### [Task requirements]
Every line of the records that holds the word "removed" should be copied.

Extracted records
"""
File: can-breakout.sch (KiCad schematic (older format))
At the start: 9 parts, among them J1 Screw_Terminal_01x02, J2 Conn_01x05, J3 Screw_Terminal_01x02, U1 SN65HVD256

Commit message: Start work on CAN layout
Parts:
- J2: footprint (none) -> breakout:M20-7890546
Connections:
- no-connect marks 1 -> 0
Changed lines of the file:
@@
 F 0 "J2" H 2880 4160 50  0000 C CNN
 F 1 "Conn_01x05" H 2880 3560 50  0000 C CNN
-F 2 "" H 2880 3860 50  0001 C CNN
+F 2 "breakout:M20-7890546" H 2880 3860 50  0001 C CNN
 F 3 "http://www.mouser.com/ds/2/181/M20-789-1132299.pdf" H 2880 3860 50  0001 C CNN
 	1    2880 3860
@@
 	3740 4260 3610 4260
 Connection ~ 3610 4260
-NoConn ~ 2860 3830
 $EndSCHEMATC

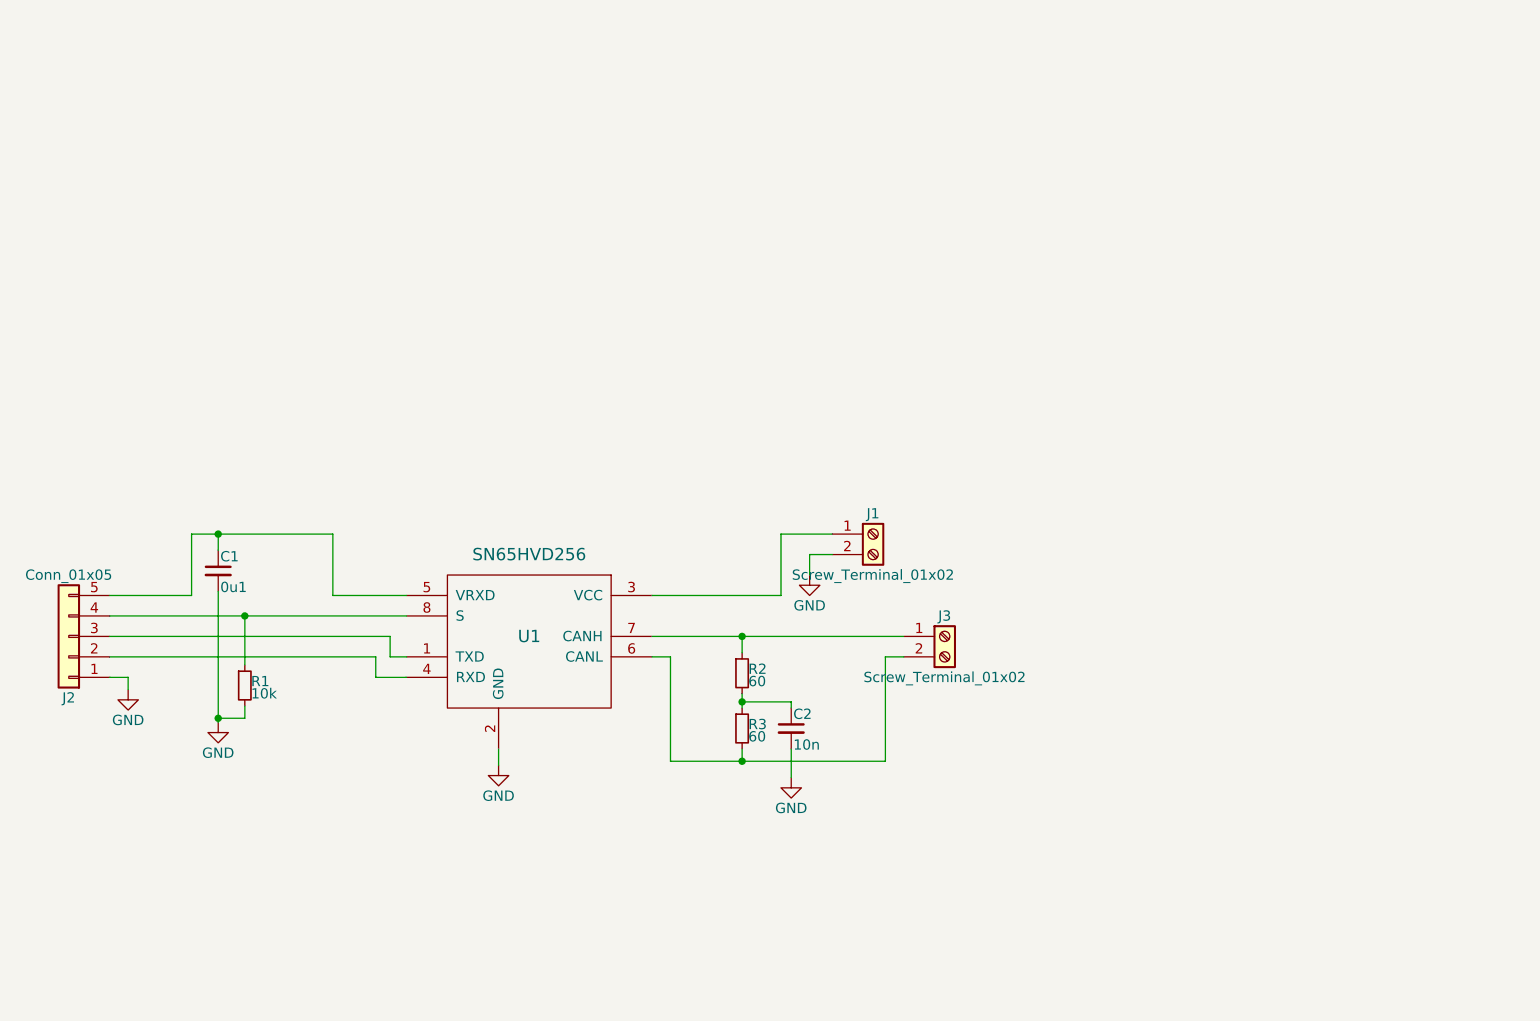
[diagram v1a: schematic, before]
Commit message: Make library files for both connectors and wire them together
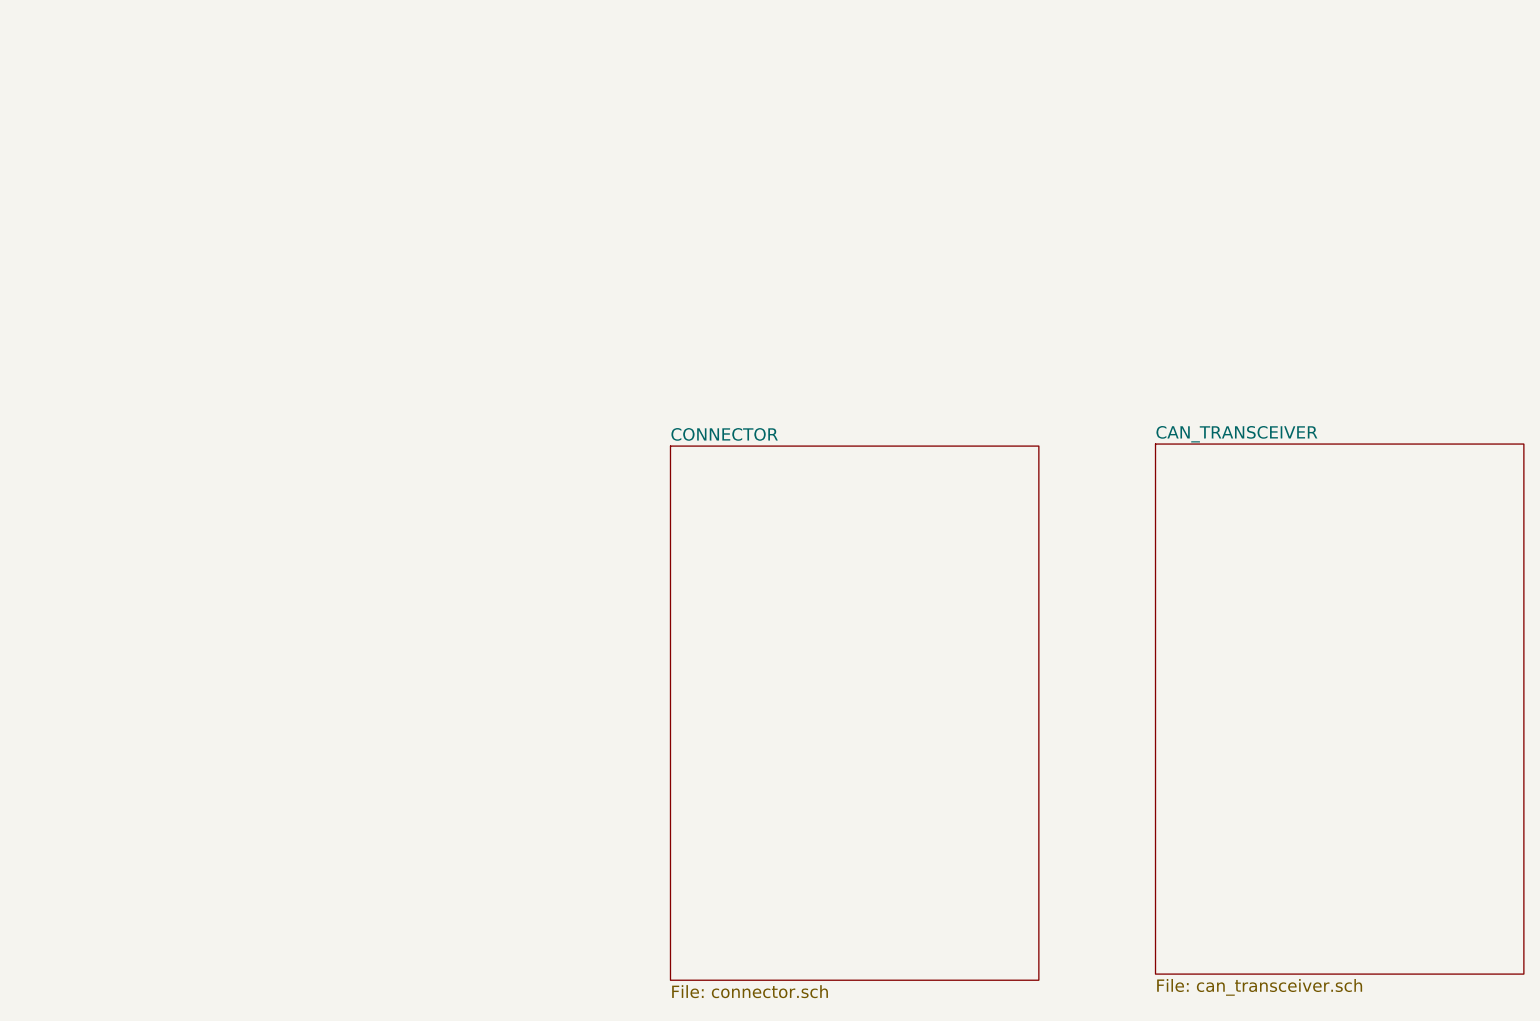
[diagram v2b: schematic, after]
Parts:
- removed C1: 0u1, Capacitors_SMD:C_0805_HandSoldering, symbol C_Small
- removed C2: 10n, Capacitors_SMD:C_0805_HandSoldering, symbol C_Small
- removed J1, J3: Screw_Terminal_01x02, breakout:1729128, symbol Screw_Terminal_01x02
- removed J2: Conn_01x05, breakout:M20-7890546, symbol Conn_01x05
- removed R1: 10k, Resistors_SMD:R_0805_HandSoldering, symbol R_Small
- removed R2, R3: 60, Resistors_SMD:R_1206_HandSoldering, symbol R_Small
- removed U1: SN65HVD256, breakout:TI_SOIC8, symbol SN65HVD256

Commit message: Add some protection diodes, connect most things up TODO add TVS diodes to CAN bus terinals
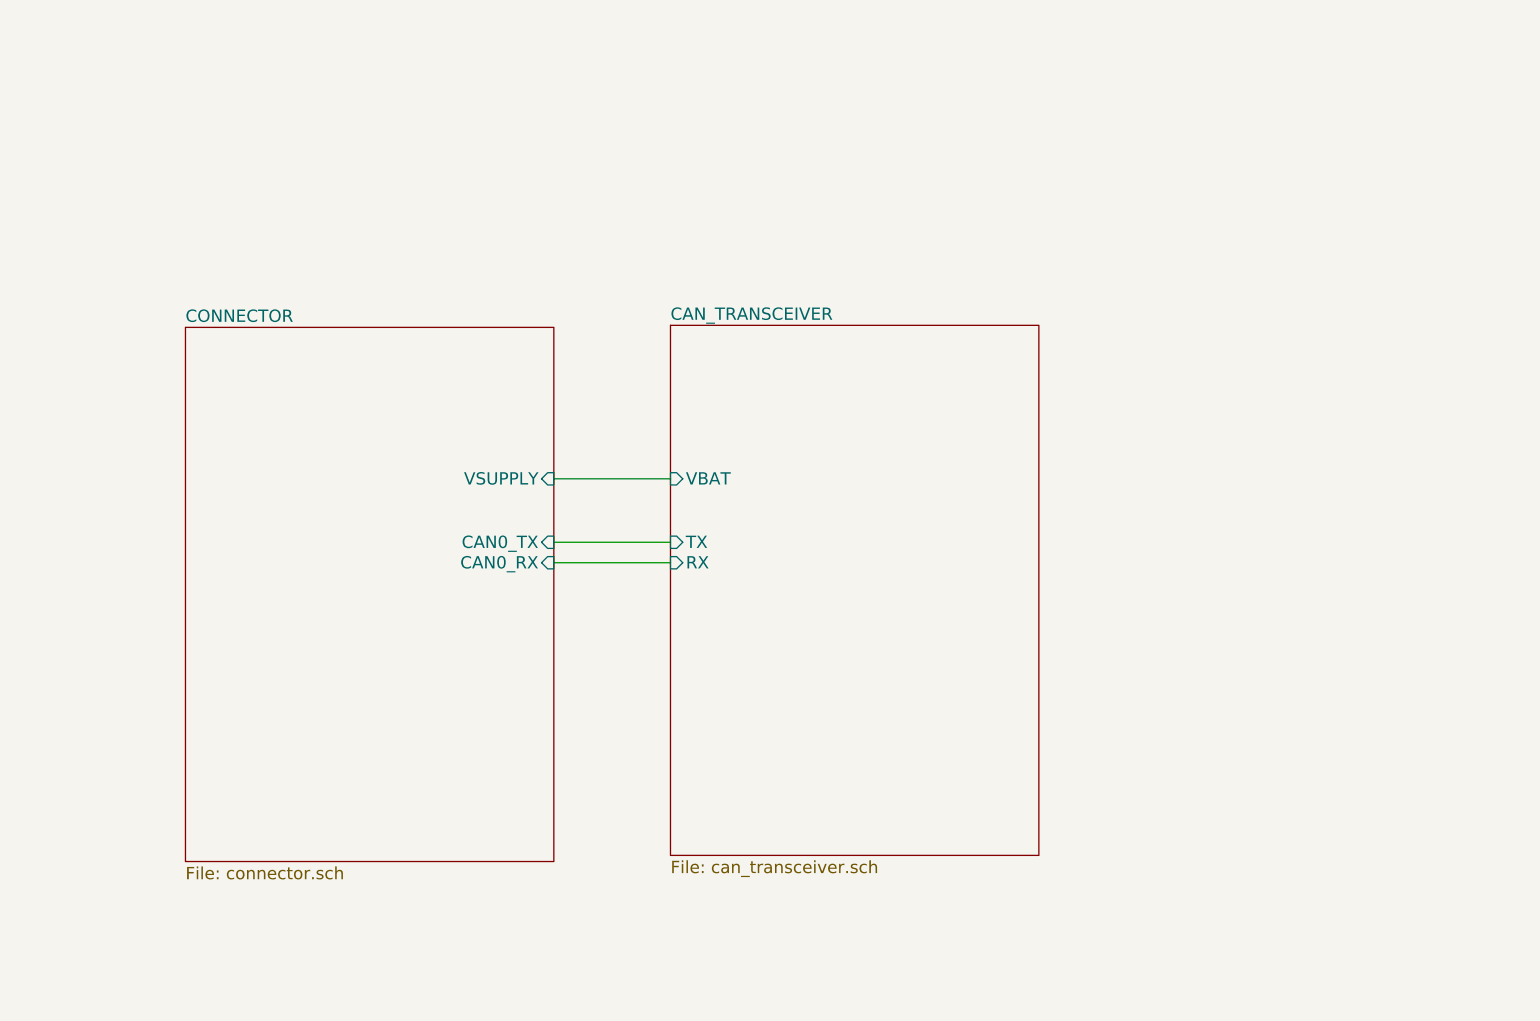
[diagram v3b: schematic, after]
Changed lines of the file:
@@
 LIBS:sn65hvd256
 LIBS:samtec
+LIBS:mic5365-33yd5-tr
 LIBS:can-breakout-cache
 EELAYER 25 0
@@
 $EndDescr
 $Sheet
-S 8190 2920 1800 2590
+S 5820 2340 1800 2590
 U 5A128056
 F0 "CAN_TRANSCEIVER" 60
 F1 "can_transceiver.sch" 60
+F2 "TX" I L 5820 3400 60
+F3 "RX" I L 5820 3500 60
+F4 "VBAT" I L 5820 3090 60
 $EndSheet
 $Sheet
-S 5820 2930 1800 2610
+S 3450 2350 1800 2610
 U 5A129041
 F0 "CONNECTOR" 60
 F1 "connector.sch" 60
+F2 "CAN0_TX" I R 5250 3400 60
+F3 "CAN0_RX" I R 5250 3500 60
+F4 "VSUPPLY" I R 5250 3090 60
 $EndSheet
+Wire Wire Line
+	5250 3090 5820 3090
+Wire Wire Line
+	5820 3400 5250 3400
+Wire Wire Line
+	5250 3500 5820 3500
 $EndSCHEMATC

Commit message: Parts laid out, only routing left
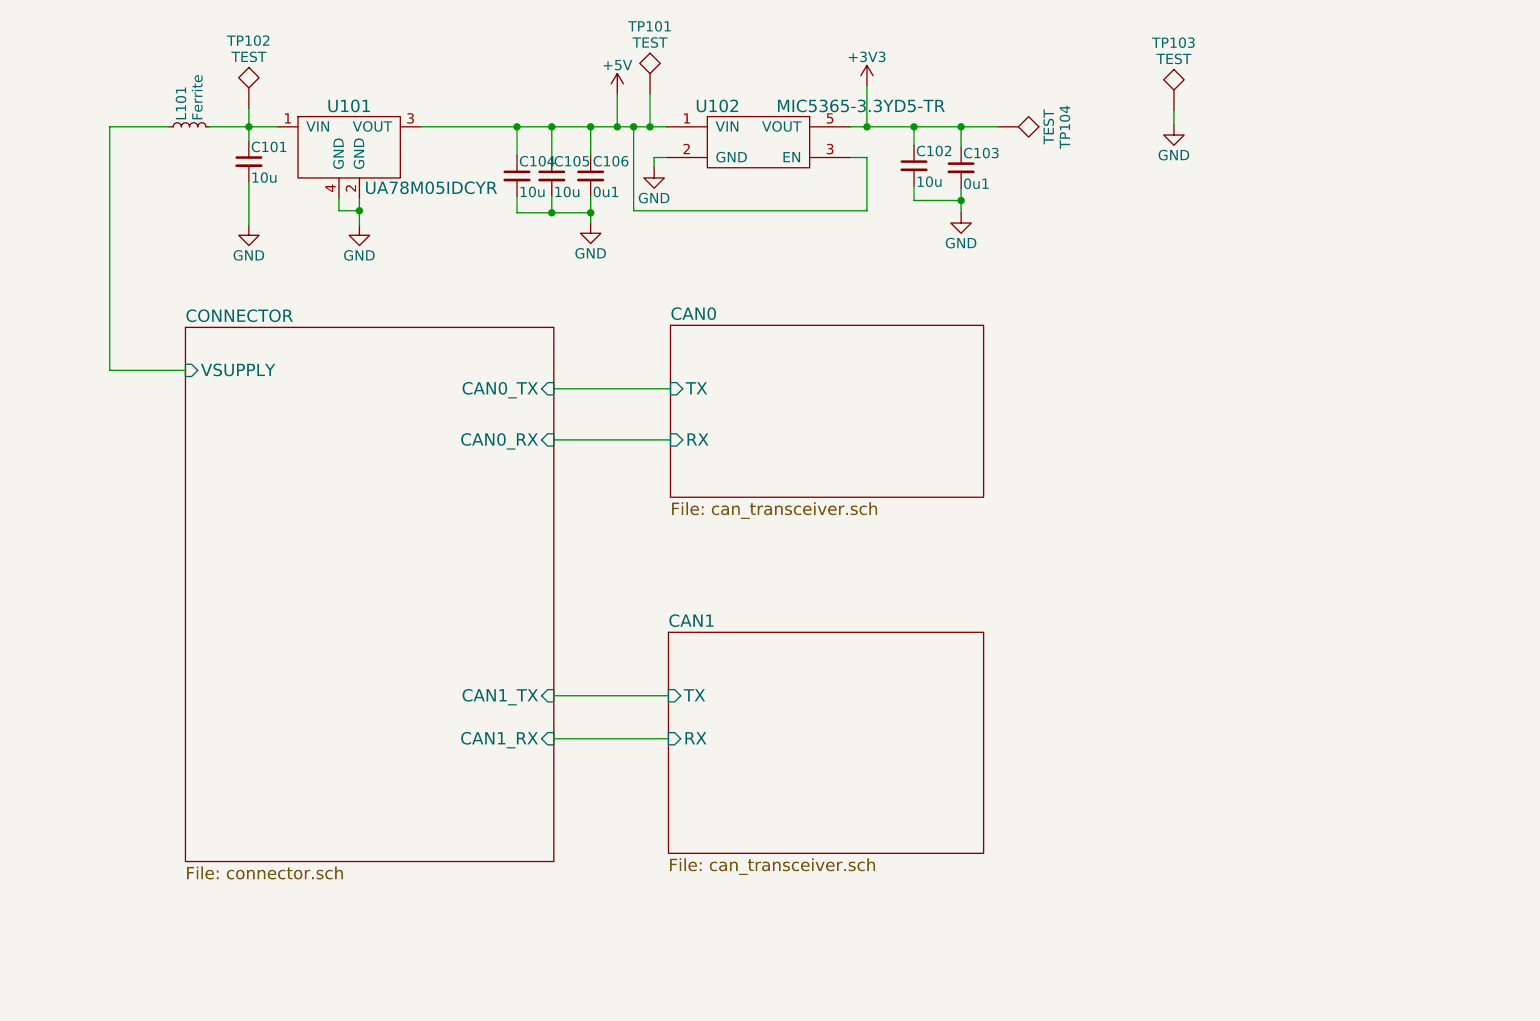
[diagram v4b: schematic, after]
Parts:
- added C101, C102, C104, C105: 10u, Capacitors_SMD:C_1206_HandSoldering, symbol C_Small
- added C103, C106: 0u1, Capacitors_SMD:C_1206_HandSoldering, symbol C_Small
- added L101: Ferrite, Resistors_SMD:R_1206_HandSoldering, symbol L_Small
- added TP101, TP102, TP103, TP104: TEST, Measurement_Points:Measurement_Point_Round-SMD-Pad_Small, symbol TEST
- added U101: UA78M05IDCYR, breakout:TI_SOT-223-4, symbol UA78M05IDCYR
- added U102: MIC5365-3.3YD5-TR, TO_SOT_Packages_SMD:SOT-23-5, symbol MIC5365-3.3YD5-TR
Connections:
- new net: C101.1, L101.2, TP102.1, U101.1 (VIN)
- new net +3V3: C102.1, C103.1, TP104.1, U102.5 (VOUT)
- new net +5V: C104.1, C105.1, C106.1, TP101.1, U101.3 (VOUT), U102.1 (VIN), U102.3 (EN)
- new net CONNECTOR/VSUPPLY: L101.1
- new net GND: C101.2, C102.2, C103.2, C104.2, C105.2, C106.2, TP103.1, U101.2 (GND), U101.4 (GND), U102.2 (GND)
"""
### [Exercise solution]
- removed C1: 0u1, Capacitors_SMD:C_0805_HandSoldering, symbol C_Small
- removed C2: 10n, Capacitors_SMD:C_0805_HandSoldering, symbol C_Small
- removed J1, J3: Screw_Terminal_01x02, breakout:1729128, symbol Screw_Terminal_01x02
- removed J2: Conn_01x05, breakout:M20-7890546, symbol Conn_01x05
- removed R1: 10k, Resistors_SMD:R_0805_HandSoldering, symbol R_Small
- removed R2, R3: 60, Resistors_SMD:R_1206_HandSoldering, symbol R_Small
- removed U1: SN65HVD256, breakout:TI_SOIC8, symbol SN65HVD256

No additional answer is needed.